What’s stopping young Palestinians from moving forward?
All that young people can do to convince employers to give them a chance is to prove that they have the soft skills and the background necessary to work
Despite living under Israeli occupation, youth work in Palestine has been flourishing over the past few years. Largely fuelled by international organizations making their way into the country, one wonders why local movements don’t also put in an effort to mobilise young Palestinians to take charge of their lives, away from the occupation.
After all, the participation in external peaceful events and organisations can provide an escape from the emotional reality of the occupation, and all the negative impacts it has on everyday life, including the posttraumatic stress disorders brought on by living in a perpetual state of fear.
In a recent report, the four main challenges to youth work in Palestine have been identified to be the dependence on external funding, lack of support from regional officials and strategic vision, as well as the marginalisation of young people. The report, funded by the EU, sheds light on the reality of the challenges facing youth workers and activists, as well as young people in Palestine.
Struggle for mobility
Ultimately, as an outsider who has advised NGOs based in Palestine, the main obstacle faced was the Israeli military’s control over the Palestinian borders, making mobility in and out of the country a struggle.
All that young people can do to convince employers to give them a chance is to prove that they have the soft skills and the background necessary to workYara al-Wazir
Planned events have frequently fallen apart due to political instabilities and denied visa applications. On the ground, the organisers always seemed to blame the occupier. But while it was their faces denying entry to the country and giving our NGOs a hard time, it was the Palestinian government that let it happen.
It’s always easy to point the fingers outside of the border. While it is easy to blame the Israeli military for the inability of young Palestinians to carry out real changes in their communities, or the international arena for not offering enough aid, it is more difficult to question ourselves and our own governments.
Why hasn’t the Palestinian government taken actions to mobilise young people by providing them with adequate tools to start their own companies or NGOs? What does the government do about Israeli forces banning peaceful activists from entering their own organizations’ events, and more importantly, why aren’t young Palestinians mad about it?
It’s a two way street – a culture of discouraging grassroots activism against government exists, especially in a country that has been laced with political warfare for over 60 years. Admittedly, it’s difficult to ask a government to do more, as it seems like it has enough on its plate. The future of any country should be at the forefront of its growth plans.
Putting young people aside and having them at the bottom of the food chain is a form of self-destructive behaviour by both the Palestinian government and Palestinian society. Young people make up 29.8 percent of the population, 41 percent of whom are unemployed. If these young people are not given adequate training and an opportunity to join the workforce, the future of the country is left in the hands of the occupiers.

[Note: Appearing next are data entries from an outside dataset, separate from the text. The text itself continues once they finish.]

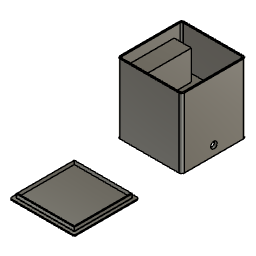
Kinderbastelprojekt, Teo der Topf, v10 (Autodesk Fusion 360 design; units mm, degrees)
part number: Kinderbastelprojekt, Teo der Topf
Autodesk Fusion 360 part; units mm, degrees
sketch "Skizze1" plane through (0, 0, 0) normal (0, 0, 1) x (1, 0, 0)
  line L0 (5, 0) -> (115, 0)
  line L1 (120, 5) -> (120, 115)
  line L2 (115, 120) -> (5, 120)
  line L3 (0, 115) -> (0, 5)
  line L4 (0, 94.8173) -> (30, 94.8173)
  line L5 (30, 94.8173) -> (30, 14.8173)
  line L6 (30, 14.8173) -> (0, 14.8173)
  line L7 (103.4005, 105.0014) -> (105.0005, 105.0014)
  line L8 (105.0005, 105.0014) -> (105.0005, 82.0014)
  line L9 (105.0005, 82.0014) -> (103.4005, 82.0014)
  line L10 (103.4005, 82.0014) -> (103.4005, 105.0014)
  arc A0 (5, 120) -> (0, 115) centre (5, 115) ccw
  arc A1 (120, 115) -> (115, 120) centre (115, 115) ccw
  arc A2 (115, 0) -> (120, 5) centre (115, 5) ccw
  arc A3 (0, 5) -> (5, 0) centre (5, 5) ccw
  point P0 (120, 0)
  point P1 (0, 120)
  dimension "d1" = 120
  dimension "d2" = 120
  dimension "d3" = 30
  dimension "d4" = 80
  dimension "d5" = 1.6
  dimension "d6" = 23
  dimension "d7" = 5
  dimension "d8" = 5
  constraint horizontal L0
  constraint vertical L1
  constraint horizontal L2
  constraint vertical L3
  constraint coincident L3 L4.start
  constraint perpendicular L3 L4
  constraint perpendicular L0 L5
  constraint perpendicular L5 L6
  constraint horizontal L7
  constraint vertical L8
  constraint horizontal L9
  constraint vertical L10
  constraint coincident P1 L2
  constraint coincident P1 L3
  constraint tangent L2 A0
  constraint tangent L3 A0
  constraint tangent L1 A1
  constraint tangent L2 A1
  constraint coincident P0 L0
  constraint coincident P0 L1
  constraint tangent L0 A2
  constraint tangent L1 A2
  constraint equal A1 A2
  constraint coincident origin L0
  constraint coincident origin L3
  constraint tangent L0 A3
  constraint tangent L3 A3
  constraint equal A1 A3
  measures "d1" distance of origin P0
  measures "d2" distance of origin P1
  measures "d3" distance of L4.start L4.end
  measures "d4" distance of L4.end L5.end
  measures "d5" distance of L7.start L7.end
  measures "d6" distance of L7.start L9.end
  measures "d7" radius of A0
  measures "d8" radius of A1
sketch "Skizze2" plane through (0, 0, 0) normal (0, 0, 1) x (1, 0, 0)
  line L0 (5, 115) -> (115, 115)
  line L1 (115, 115) -> (115, 5)
  line L2 (115, 5) -> (5, 5)
  line L3 (5, 5) -> (5, 115)
  constraint horizontal L0
  constraint perpendicular L0 L1
  constraint perpendicular L1 L2
  constraint perpendicular L0 L3
extrude "Extrusion1" add sketch "Skizze1" along normal blind 130 contours L0 L1 L2 L3 L4 L5 L6 A0 A1 A2 A3 makes body 1
extrude "Extrusion2" cut sketch "Skizze2" along normal blind 50 bodies 1
sketch "Skizze3" plane through (0, 0, 130) normal (0, 0, 1) x (-1, 0, 0)
  line L0 (-105.0005, -82.0014) -> (-103.4005, -82.0014)
  line L1 (-103.4005, -82.0014) -> (-103.4005, -105.0014)
  line L2 (-103.4005, -105.0014) -> (-105.0005, -105.0014)
  line L3 (-105.0005, -105.0014) -> (-105.0005, -82.0014)
  arc A0 (0, -5) -> (-5, 0) centre (-5, -5) ccw
  line L4 (-5, 0) -> (-115, 0)
  arc A1 (-115, 0) -> (-120, -5) centre (-115, -5) ccw
  line L5 (-120, -5) -> (-120, -115)
  arc A2 (-120, -115) -> (-115, -120) centre (-115, -115) ccw
  line L6 (-115, -120) -> (-5, -120)
  arc A3 (-5, -120) -> (0, -115) centre (-5, -115) ccw
  line L7 (0, -115) -> (0, -94.8173)
  line L8 (0, -94.8173) -> (-30, -94.8173)
  line L9 (-30, -94.8173) -> (-30, -14.8173)
  line L10 (-30, -14.8173) -> (0, -14.8173)
  line L11 (0, -14.8173) -> (0, -5)
  line L12 (-3, -98) -> (-33, -98)
  line L13 (-33, -98) -> (-33, -14)
  line L14 (-33, -14) -> (-3, -14)
  line L15 (-3, -14) -> (-3, -3)
  line L16 (-3, -3) -> (-117, -3)
  line L17 (-117, -3) -> (-117, -117)
  line L18 (-117, -117) -> (-3, -117)
  line L19 (-3, -117) -> (-3, -98)
  constraint perpendicular L7 L12
  constraint perpendicular L12 L13
  constraint perpendicular L13 L14
  constraint perpendicular L14 L15
  constraint perpendicular L15 L16
  constraint perpendicular L16 L17
  constraint perpendicular L17 L18
  constraint perpendicular L12 L19
extrude "Extrusion3" cut sketch "Skizze3" against normal blind 75 contours L12 L13 L14 L15 L16 L17 L18 L19 bodies 1
sketch "Skizze4" plane through (0, 0, 130) normal (0, 0, 1) x (-1, 0, 0)
  line L0 (-33, -98) -> (-3, -98)
  line L1 (-3, -98) -> (-3, -117)
  line L2 (-3, -117) -> (-117, -117)
  line L3 (-117, -117) -> (-117, -3)
  line L4 (-117, -3) -> (-3, -3)
  line L5 (-3, -3) -> (-3, -14)
  line L6 (-3, -14) -> (-33, -14)
  line L7 (-33, -14) -> (-33, -98)
  arc A0 (0, -5) -> (-5, 0) centre (-5, -5) ccw
  line L8 (-5, 0) -> (-115, 0)
  arc A1 (-115, 0) -> (-120, -5) centre (-115, -5) ccw
  line L9 (-120, -5) -> (-120, -115)
  arc A2 (-120, -115) -> (-115, -120) centre (-115, -115) ccw
  line L10 (-115, -120) -> (-5, -120)
  arc A3 (-5, -120) -> (0, -115) centre (-5, -115) ccw
  line L11 (0, -115) -> (0, -94.8173)
  line L12 (0, -94.8173) -> (-30, -94.8173)
  line L13 (-30, -94.8173) -> (-30, -14.8173)
  line L14 (-30, -14.8173) -> (0, -14.8173)
  line L15 (0, -14.8173) -> (0, -5)
  line L16 (-33, -98) -> (-3, -98)
  line L17 (-3, -98) -> (-3, -14)
  line L18 (-3, -14) -> (-33, -14)
  line L19 (-33, -14) -> (-33, -98)
  constraint horizontal L16
  constraint vertical L17
  constraint horizontal L18
  constraint vertical L19
  constraint coincident L5.end L6.start
  constraint coincident L0.start L7.end
extrude "Extrusion4" add sketch "Skizze4" against normal blind 25 contours L12 L13 L14 L17 bodies 1
sketch "Skizze5" plane through (0, 0, 130) normal (0, 0, 1) x (-1, 0, 0)
  line L0 (-33, -98) -> (-3, -98)
  line L1 (-3, -98) -> (-3, -117)
  line L2 (-3, -117) -> (-117, -117)
  line L3 (-117, -117) -> (-117, -3)
  line L4 (-117, -3) -> (-3, -3)
  line L5 (-3, -3) -> (-3, -14)
  line L6 (-3, -14) -> (-33, -14)
  line L7 (-33, -14) -> (-33, -98)
  arc A0 (0, -5) -> (-5, 0) centre (-5, -5) ccw
  line L8 (-5, 0) -> (-115, 0)
  arc A1 (-115, 0) -> (-120, -5) centre (-115, -5) ccw
  line L9 (-120, -5) -> (-120, -115)
  arc A2 (-120, -115) -> (-115, -120) centre (-115, -115) ccw
  line L10 (-115, -120) -> (-5, -120)
  arc A3 (-5, -120) -> (0, -115) centre (-5, -115) ccw
  line L11 (0, -115) -> (0, -94.8173)
  line L12 (0, -94.8173) -> (-3, -94.8173)
  line L13 (-3, -94.8173) -> (-3, -14.8173)
  line L14 (-3, -14.8173) -> (0, -14.8173)
  line L15 (0, -14.8173) -> (0, -5)
  line L16 (-3, -98) -> (-33, -98)
  line L17 (-33, -98) -> (-33, -14)
  line L18 (-33, -14) -> (-3, -14)
  line L19 (-3, -14) -> (-3, -98)
  constraint horizontal L16
  constraint vertical L17
  constraint horizontal L18
  constraint vertical L19
  constraint coincident L6.end L7.start
  constraint coincident L0.end L1.start
extrude "Extrusion5" cut sketch "Skizze5" against normal blind 23 contours L0 L6 L7 L13 L16 L17 L18 L19 bodies 1
sketch "Skizze6" plane through (117, 0, 0) normal (-1, 0, 0) x (0, -1, 0)
  line L0 (-3, 130) -> (-117, 130)
  line L1 (-117, 130) -> (-117, 55)
  line L2 (-117, 55) -> (-3, 55)
  line L3 (-3, 55) -> (-3, 130)
  line L4 (-95, 130) -> (-15, 130)
  line L5 (-15, 130) -> (-15, 0)
  line L6 (-15, 0) -> (-95, 0)
  line L7 (-95, 0) -> (-95, 130)
  constraint horizontal L4
  constraint vertical L5
  constraint horizontal L6
  constraint vertical L7
  constraint coincident L0 L4.start
sketch "Skizze7" plane through (0, 0, 0) normal (-1, 0, 0) x (0, -1, 0)
  line L0 (-115, 0) -> (-94.8173, 0)
  line L1 (-94.8173, 0) -> (-94.8173, 130)
  line L2 (-94.8173, 130) -> (-115, 130)
  line L3 (-115, 130) -> (-115, 0)
  line L4 (-94.8173, 130) -> (-15, 130)
  line L5 (-15, 130) -> (-15, 0)
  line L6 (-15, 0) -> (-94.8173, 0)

Of course, all that young people can do to convince employers to give them a chance is to prove that they have the soft skills and the background necessary to work. Before this happens, there must be a culture of trusting young people – trusting them enough to give them a job, and trusting them enough to accept that learning is only a part of the employment cycle.
In order to have the soft skills required in the workforce, young people can take actions into their own hands – participating in peaceful NGOs, campaigns, and organizations can improve their skills, and convince even the toughest employers to give them a chance.
Forget the government and army
Open and free access to information would theoretically mobilise young people to want what is better, but with so many barriers, from political, to economical, to social barriers, it has been difficult to do so.
However, this access to information has also cultivated a culture that is at grips with the Internet.
The Internet allows free access to information, and free access to moving forward in youth work and activism, without the risks that come with crossing borders and checkpoints. The internet has provided young people with an arena that is relatively low cost, safe, and one that can connect both Palestinians on-the-ground, and the displaced refugees.
The ‘Bilbaal’ project puts good people in touch with good causes, allowing NGOs to find interns, nurturing the employment cycle. Farah Chamma turned to Youtube to express herself through artistic poetry. The same tool that was used to organise protests in Tunisia and Egypt, is being used to drive Palestine’s youth forward. The best part about it? Unlike some of its neighbours, the Palestinian government has never publically stood against any forms of social media.